More powder for goat milk in NZ
GEA Process Engineering in New Zealand has built a complete process plant for infant formula and goat milk powder for its long-term customer Dairy Goat Co-operative (DGC) in Hamilton. Working with DGC, GEA has used its experience in plant design to develop a plant that provides multiple benefits including: improved product quality, reduced energy costs and reduced water consumption. GEA has been a long-term partner with the Dairy Goat Co-operative since 2003 when it built the company’s original infant formula drying plant in Hamilton. The project was completed in under 12 months.

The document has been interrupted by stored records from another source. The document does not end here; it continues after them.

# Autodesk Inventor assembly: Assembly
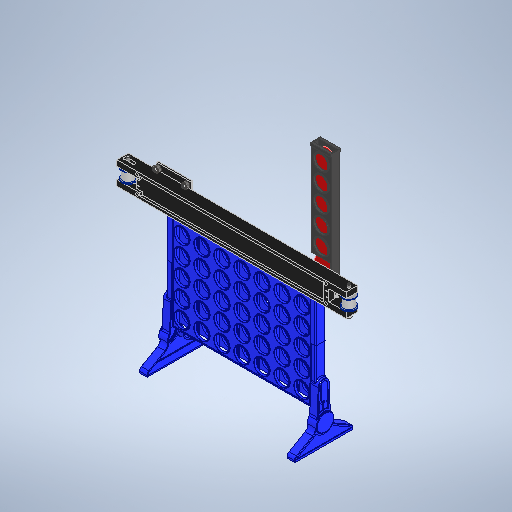
[picture p0: Inventor's stored thumbnail of the model, 512x512]
Saved by Autodesk Inventor 2025.1 (Build 291241020, 241B)
## iProperties
Created: 2024-11-07
Part Number: Assembly
Document SubType Name: Assembly
Designer: leon-
Author: leon-
## Documents named in this file (6)
- C:\Users\leon-\OneDrive\Dokumente\Education\Berkeley\Embedded_Systems\Project\CAD Model\Assembly.iam
- C:\Users\leon-\OneDrive\Dokumente\Education\Berkeley\Embedded_Systems\Project\CAD Model\Connect4_LEG.ipt
- C:\Users\leon-\OneDrive\Dokumente\Education\Berkeley\Embedded_Systems\Project\CAD Model\Connect4_RACK.ipt
- C:\Users\leon-\OneDrive\Dokumente\Education\Berkeley\Embedded_Systems\Project\CAD Model\Sledge.iam
- C:\Users\leon-\OneDrive\Dokumente\Education\Berkeley\Embedded_Systems\Project\CAD Model\Connect4_DISK.ipt
- C:\Users\leon-\OneDrive\Dokumente\Education\Berkeley\Embedded_Systems\Project\CAD Model\Magazine.ipt
## Components (12 placed, 5 different names)
1. Connect4_LEG:1 — Flush:1, Flush:2, Mate:1, Flush:4
2. Connect4_LEG:2 — Mate:2, Mate:3, Flush:3
3. Connect4_RACK:1 — Flush:1, Flush:2, Mate:1, Mate:2, Mate:3, Flush:3, Angle:1, Mate:5, Mate:6, Angle:2, Angle:3, Flush:5, Flush:7
4. Sledge:1 [sub-assembly] — Angle:1, Mate:5, Mate:8, Mate:9, Mate:10, Flush:7
5. Connect4_DISK:1 — Mate:9, Mate:10, Flush:4, Mate:11, Tangent:1
6. Magazine:1 — Mate:11, Tangent:1, Angle:3, Flush:5, Mate:12, Mate:13, Mate:14, Mate:15, Mate:16, Mate:17, Mate:18, Mate:19, Mate:20, Mate:21, Mate:22, Flush:6
7. Connect4_DISK:2 — Mate:18, Mate:19
8. Connect4_DISK:3 — Mate:14, Mate:15
9. Connect4_DISK:4 — Mate:16, Mate:17
10. Connect4_DISK:5 — Mate:20, Mate:21
11. Connect4_DISK:6 — Mate:22, Flush:6
12. Connect4_DISK:7 — Mate:12, Mate:13
## Relationships (32: Mate 21, Flush 7, Angle 3, Tangent 1)
- Flush:1: Connect4_LEG:1 ↔ Connect4_RACK:1
- Flush:2: Connect4_LEG:1 ↔ Connect4_RACK:1
- Mate:1: Connect4_LEG:1 ↔ Connect4_RACK:1
- Mate:2: Connect4_LEG:2 ↔ Connect4_RACK:1
- Mate:3: Connect4_LEG:2 ↔ Connect4_RACK:1
- Flush:3: Connect4_LEG:2 ↔ Connect4_RACK:1
- Angle:1 (0 deg): Connect4_RACK:1 ↔ Sledge:1
- Mate:5: Connect4_RACK:1 ↔ Sledge:1
- Mate:6: Connect4_RACK:1
- Mate:7
- Angle:2 (0 deg): Connect4_RACK:1
- Mate:8: Sledge:1
- Mate:9: Sledge:1 ↔ Connect4_DISK:1
- Mate:10: Sledge:1 ↔ Connect4_DISK:1
- Flush:4: Connect4_LEG:1 ↔ Connect4_DISK:1
- Mate:11: Connect4_DISK:1 ↔ Magazine:1
- Tangent:1: Connect4_DISK:1 ↔ Magazine:1
- Angle:3 (0 deg): Connect4_RACK:1 ↔ Magazine:1
- Flush:5: Connect4_RACK:1 ↔ Magazine:1
- Mate:12: Magazine:1 ↔ Connect4_DISK:7
- Mate:13: Magazine:1 ↔ Connect4_DISK:7
- Mate:14: Magazine:1 ↔ Connect4_DISK:3
- Mate:15: Magazine:1 ↔ Connect4_DISK:3
- Mate:16: Magazine:1 ↔ Connect4_DISK:4
- Mate:17: Magazine:1 ↔ Connect4_DISK:4
- Mate:18: Magazine:1 ↔ Connect4_DISK:2
- Mate:19: Magazine:1 ↔ Connect4_DISK:2
- Mate:20: Magazine:1 ↔ Connect4_DISK:5
- Mate:21: Magazine:1 ↔ Connect4_DISK:5
- Mate:22: Magazine:1 ↔ Connect4_DISK:6
- Flush:6: Magazine:1 ↔ Connect4_DISK:6
- Flush:7 (-53.153 mm): Connect4_RACK:1 ↔ Sledge:1

The DGC plant produces 2.3 tonnes of highly formulated infant formula, and 2.7 tonnes of formulated base powders and goat milk powder per hour. The process includes milk reception from farms in New Zealand’s central North Island followed by heat treatment, separation and dosing of vegetable oils, powders, vitamins and minerals; concentration using falling film evaporators; spray drying; and packing into bulk bins and, once quality is assessed, packing into retail cans. The system also filters exhaust air to remove particles before releasing it into the environment. Throughout the process the system is designed to minimize power and water usage in line with the company’s sustainability objectives.
Dryer 2 at the Hamilton site includes a number of items tailored to DGC’s requirements:
Falling film evaporators
The multiple effect falling film evaporators are designed to handle batches of formula with elevated total solids which provides DGC with a saving in its annual energy costs it also means less energy is required from non-renewable energy sources with a resulting positive impact on the environment.
Computer optimised plant design
GEA has modelled the drying processes within the dryer using Computational Fluid Dynamics running on its most powerful computers. This allowed the dryer shape and size to be optimised to require less frequent cleaning while still minimising the size and visual impact of the dryer tower building. Air supply to the dryer ensures even temperature and air flow distribution to improve dryer performance and minimise energy consumption.
Continuous dryer operation
Twin evaporators, each capable of a day’s operation prior to cleaning, cycle in turn to maintain a continuous feed to the dryer. In this way the dryer can be run continuously for many days before it too must eventually be stopped and cleaned. This is only the second infant formula dryer in the world to be set up for continuous dryer operation in this way. This technique improves dryer utilisation, increases powder output and reduces energy consumption. Less cleaning also reduces the consumption of resources such as energy and water.
Dryer dehumidification
The customised desiccant dehumidifier continuously reduces and controls the humidity of the incoming air used for drying. This is the first time this type of technology has been used on a spray dryer in NZ. The dehumidifier allows the dryer to run closer to its optimum efficiency while maintaining capacity even during periods of higher ambient humidity and humidity fluctuations that would normally have a substantial impact on the performance of the dryer. One of the side benefits of dryer air dehumidification is that during the moisture adsorption process the air is heated by as much as 25°C for free.
Dryer exhaust air recuperation
To improve energy efficiency and reduce waste heat losses a specially designed recuperation heat exchanger has been fitted by GEA to the exhaust stack to recover the energy from the exhaust air. This is the first such system installed on a dryer in NZ. The energy from the exhaust air is used to generate hot water. The hot water is then used during cold days to preheat the air used for drying, and on hot and humid days is used for regeneration of the desiccant dehumidifier system.